Exercise description
When you reach the line that contains "#149=ORIENTED_EDGE('',*,*,#148,.T.);" in the entries below, begin returning lines exactly as written and continue through the last one.

Stored data:
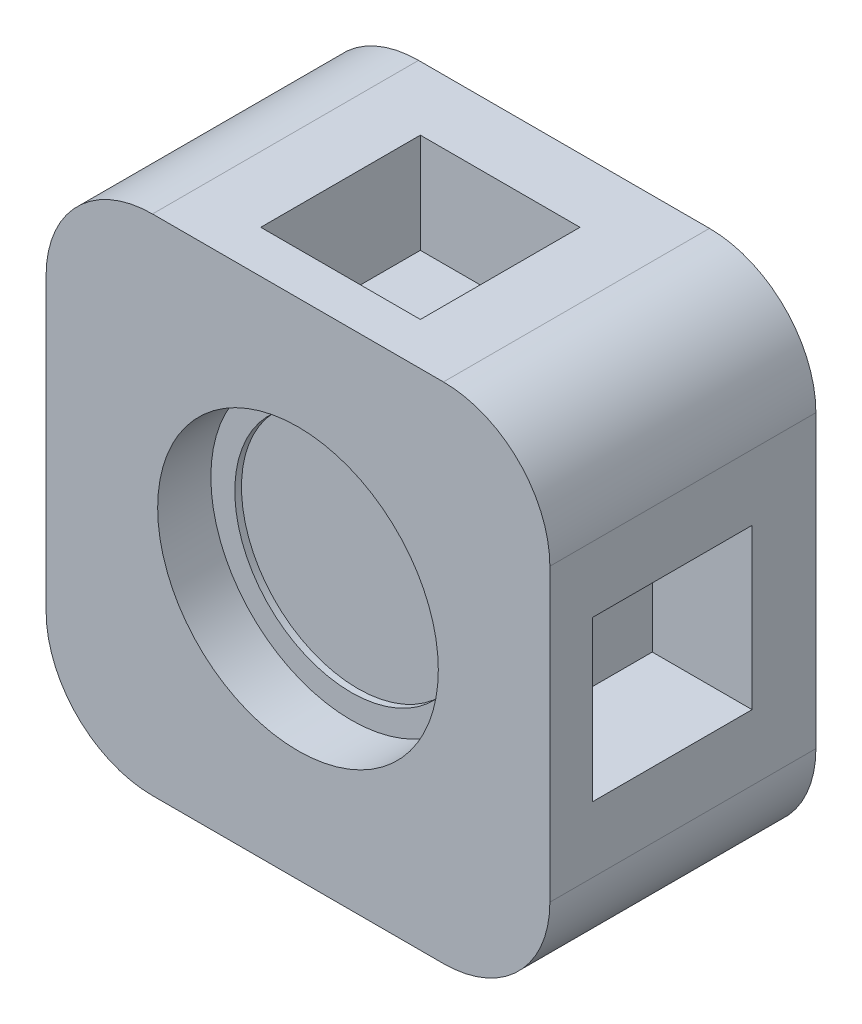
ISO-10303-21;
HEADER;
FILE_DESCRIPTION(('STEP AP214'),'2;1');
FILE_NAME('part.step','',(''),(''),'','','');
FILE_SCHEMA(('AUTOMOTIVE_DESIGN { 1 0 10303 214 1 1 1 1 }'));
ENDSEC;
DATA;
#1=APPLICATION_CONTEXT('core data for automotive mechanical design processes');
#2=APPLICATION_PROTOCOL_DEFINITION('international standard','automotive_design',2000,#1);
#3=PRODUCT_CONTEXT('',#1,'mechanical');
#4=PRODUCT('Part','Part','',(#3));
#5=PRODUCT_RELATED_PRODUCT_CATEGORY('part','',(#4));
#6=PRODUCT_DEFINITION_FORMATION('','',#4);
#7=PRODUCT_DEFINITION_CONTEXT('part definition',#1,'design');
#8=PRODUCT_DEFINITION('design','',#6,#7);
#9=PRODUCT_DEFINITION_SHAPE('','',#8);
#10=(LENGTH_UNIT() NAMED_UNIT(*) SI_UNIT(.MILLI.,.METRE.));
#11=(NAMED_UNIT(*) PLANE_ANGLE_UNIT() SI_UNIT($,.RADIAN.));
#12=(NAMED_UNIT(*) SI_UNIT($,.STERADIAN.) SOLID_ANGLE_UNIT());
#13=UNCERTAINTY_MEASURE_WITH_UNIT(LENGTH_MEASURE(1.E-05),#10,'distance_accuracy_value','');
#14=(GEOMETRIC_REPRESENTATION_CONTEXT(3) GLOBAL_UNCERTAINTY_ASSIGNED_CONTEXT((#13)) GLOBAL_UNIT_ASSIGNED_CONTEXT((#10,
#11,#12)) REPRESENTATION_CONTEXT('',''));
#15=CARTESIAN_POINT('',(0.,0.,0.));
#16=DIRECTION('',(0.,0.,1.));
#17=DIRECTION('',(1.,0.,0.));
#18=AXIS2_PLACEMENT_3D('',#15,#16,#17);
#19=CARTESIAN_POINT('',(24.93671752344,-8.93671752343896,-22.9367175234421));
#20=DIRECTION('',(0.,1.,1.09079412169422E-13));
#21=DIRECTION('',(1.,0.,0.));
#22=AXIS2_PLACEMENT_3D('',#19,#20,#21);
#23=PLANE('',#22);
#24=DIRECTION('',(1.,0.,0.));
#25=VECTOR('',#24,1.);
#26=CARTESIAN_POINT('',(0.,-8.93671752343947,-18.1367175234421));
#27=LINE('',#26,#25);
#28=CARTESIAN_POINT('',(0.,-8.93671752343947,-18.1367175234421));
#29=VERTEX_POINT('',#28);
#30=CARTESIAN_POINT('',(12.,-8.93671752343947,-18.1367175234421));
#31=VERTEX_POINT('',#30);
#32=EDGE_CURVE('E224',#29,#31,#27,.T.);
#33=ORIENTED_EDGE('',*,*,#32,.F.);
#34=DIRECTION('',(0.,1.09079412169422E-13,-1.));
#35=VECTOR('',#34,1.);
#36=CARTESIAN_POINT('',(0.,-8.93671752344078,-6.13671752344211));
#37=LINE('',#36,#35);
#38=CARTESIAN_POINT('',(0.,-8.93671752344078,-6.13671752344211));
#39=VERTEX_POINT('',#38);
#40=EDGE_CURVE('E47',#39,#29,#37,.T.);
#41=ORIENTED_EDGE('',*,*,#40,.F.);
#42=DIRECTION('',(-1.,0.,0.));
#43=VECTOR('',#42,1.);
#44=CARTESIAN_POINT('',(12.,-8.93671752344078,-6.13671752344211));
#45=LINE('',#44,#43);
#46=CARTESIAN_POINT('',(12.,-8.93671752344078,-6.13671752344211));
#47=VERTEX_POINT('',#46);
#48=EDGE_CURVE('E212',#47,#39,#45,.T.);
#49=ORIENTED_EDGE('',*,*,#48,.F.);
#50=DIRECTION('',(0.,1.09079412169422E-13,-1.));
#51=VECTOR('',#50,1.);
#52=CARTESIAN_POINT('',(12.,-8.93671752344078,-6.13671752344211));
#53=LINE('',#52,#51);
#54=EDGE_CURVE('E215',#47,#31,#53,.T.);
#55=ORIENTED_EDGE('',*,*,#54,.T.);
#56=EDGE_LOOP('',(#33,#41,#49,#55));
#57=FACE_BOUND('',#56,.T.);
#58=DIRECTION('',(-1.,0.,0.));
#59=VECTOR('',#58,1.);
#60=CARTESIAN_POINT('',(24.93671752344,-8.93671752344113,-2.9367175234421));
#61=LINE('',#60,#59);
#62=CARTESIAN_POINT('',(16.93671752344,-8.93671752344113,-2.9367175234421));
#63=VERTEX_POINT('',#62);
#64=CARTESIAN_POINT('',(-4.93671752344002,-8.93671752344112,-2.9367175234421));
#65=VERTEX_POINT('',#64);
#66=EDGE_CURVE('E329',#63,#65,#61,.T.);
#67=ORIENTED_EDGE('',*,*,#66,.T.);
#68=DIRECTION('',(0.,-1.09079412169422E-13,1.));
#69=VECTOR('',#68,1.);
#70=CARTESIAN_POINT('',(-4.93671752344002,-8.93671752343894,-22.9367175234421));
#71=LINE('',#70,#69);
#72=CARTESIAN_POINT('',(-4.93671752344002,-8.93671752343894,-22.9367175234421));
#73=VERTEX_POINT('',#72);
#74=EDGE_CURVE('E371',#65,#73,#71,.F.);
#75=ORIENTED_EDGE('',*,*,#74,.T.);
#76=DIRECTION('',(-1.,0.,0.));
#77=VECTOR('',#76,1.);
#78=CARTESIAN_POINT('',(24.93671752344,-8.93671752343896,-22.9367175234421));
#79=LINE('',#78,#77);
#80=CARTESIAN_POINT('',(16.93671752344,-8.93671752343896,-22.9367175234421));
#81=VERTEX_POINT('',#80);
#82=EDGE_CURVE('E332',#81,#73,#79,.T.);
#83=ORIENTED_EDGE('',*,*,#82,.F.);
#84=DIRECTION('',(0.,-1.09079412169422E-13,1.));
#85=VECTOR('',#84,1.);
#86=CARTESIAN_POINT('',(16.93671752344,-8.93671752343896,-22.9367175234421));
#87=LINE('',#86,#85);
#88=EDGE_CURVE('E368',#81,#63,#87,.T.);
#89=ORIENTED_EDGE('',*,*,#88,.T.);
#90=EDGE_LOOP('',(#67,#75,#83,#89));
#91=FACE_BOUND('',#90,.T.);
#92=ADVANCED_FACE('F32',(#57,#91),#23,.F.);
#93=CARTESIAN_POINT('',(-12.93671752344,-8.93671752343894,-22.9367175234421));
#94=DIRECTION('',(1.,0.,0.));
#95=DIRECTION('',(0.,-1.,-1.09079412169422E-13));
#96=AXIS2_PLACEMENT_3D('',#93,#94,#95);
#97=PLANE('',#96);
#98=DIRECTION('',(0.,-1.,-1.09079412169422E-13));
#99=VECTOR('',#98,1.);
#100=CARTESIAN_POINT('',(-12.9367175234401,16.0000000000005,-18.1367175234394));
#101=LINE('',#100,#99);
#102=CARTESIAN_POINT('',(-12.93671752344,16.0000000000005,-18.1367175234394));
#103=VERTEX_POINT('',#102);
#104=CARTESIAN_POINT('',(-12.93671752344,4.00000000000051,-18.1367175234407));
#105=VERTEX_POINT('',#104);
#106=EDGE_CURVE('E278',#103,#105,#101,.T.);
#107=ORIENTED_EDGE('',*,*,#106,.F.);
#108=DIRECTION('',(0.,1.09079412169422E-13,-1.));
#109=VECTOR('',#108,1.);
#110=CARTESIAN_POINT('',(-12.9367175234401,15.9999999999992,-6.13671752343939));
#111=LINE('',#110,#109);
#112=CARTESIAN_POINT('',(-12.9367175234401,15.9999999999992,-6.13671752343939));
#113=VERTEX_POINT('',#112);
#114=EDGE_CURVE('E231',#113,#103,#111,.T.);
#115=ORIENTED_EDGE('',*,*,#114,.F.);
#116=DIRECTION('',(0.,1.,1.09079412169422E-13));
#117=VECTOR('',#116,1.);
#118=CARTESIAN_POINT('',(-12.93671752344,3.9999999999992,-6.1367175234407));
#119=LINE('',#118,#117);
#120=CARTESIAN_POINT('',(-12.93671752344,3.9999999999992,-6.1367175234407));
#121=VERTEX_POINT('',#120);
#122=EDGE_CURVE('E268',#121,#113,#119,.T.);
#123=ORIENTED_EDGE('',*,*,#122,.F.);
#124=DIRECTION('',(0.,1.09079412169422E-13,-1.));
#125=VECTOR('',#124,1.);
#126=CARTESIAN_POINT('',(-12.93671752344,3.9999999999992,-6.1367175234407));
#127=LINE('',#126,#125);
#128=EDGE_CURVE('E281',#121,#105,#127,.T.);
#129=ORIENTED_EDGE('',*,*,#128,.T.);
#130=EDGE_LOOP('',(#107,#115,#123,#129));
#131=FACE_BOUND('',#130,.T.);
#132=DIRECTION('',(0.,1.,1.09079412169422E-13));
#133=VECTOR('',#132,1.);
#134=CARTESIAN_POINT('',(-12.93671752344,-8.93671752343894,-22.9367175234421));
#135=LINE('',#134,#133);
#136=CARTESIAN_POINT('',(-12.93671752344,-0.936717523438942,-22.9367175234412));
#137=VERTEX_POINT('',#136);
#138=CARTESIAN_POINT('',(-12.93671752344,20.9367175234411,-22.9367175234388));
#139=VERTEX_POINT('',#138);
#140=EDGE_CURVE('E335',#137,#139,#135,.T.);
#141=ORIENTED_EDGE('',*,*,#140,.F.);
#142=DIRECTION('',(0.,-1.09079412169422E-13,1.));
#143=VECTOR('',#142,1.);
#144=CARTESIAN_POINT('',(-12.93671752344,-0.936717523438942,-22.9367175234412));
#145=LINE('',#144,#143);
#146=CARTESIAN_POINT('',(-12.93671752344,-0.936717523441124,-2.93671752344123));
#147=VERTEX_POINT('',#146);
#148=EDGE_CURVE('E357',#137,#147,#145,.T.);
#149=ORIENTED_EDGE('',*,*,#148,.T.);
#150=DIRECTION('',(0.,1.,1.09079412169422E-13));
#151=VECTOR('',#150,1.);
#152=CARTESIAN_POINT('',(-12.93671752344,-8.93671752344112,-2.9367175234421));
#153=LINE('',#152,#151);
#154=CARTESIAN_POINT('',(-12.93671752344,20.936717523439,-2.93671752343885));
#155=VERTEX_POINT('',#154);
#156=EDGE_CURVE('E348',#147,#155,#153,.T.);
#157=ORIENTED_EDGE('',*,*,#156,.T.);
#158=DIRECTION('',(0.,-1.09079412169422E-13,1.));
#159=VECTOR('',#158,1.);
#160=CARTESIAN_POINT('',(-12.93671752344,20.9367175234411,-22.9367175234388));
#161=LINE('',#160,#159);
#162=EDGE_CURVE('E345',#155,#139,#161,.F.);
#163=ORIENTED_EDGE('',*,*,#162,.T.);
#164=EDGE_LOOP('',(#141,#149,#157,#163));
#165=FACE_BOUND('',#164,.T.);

Exercise response
#149=ORIENTED_EDGE('',*,*,#148,.T.);
#150=DIRECTION('',(0.,1.,1.09079412169422E-13));
#151=VECTOR('',#150,1.);
#152=CARTESIAN_POINT('',(-12.93671752344,-8.93671752344112,-2.9367175234421));
#153=LINE('',#152,#151);
#154=CARTESIAN_POINT('',(-12.93671752344,20.936717523439,-2.93671752343885));
#155=VERTEX_POINT('',#154);
#156=EDGE_CURVE('E348',#147,#155,#153,.T.);
#157=ORIENTED_EDGE('',*,*,#156,.T.);
#158=DIRECTION('',(0.,-1.09079412169422E-13,1.));
#159=VECTOR('',#158,1.);
#160=CARTESIAN_POINT('',(-12.93671752344,20.9367175234411,-22.9367175234388));
#161=LINE('',#160,#159);
#162=EDGE_CURVE('E345',#155,#139,#161,.F.);
#163=ORIENTED_EDGE('',*,*,#162,.T.);
#164=EDGE_LOOP('',(#141,#149,#157,#163));
#165=FACE_BOUND('',#164,.T.);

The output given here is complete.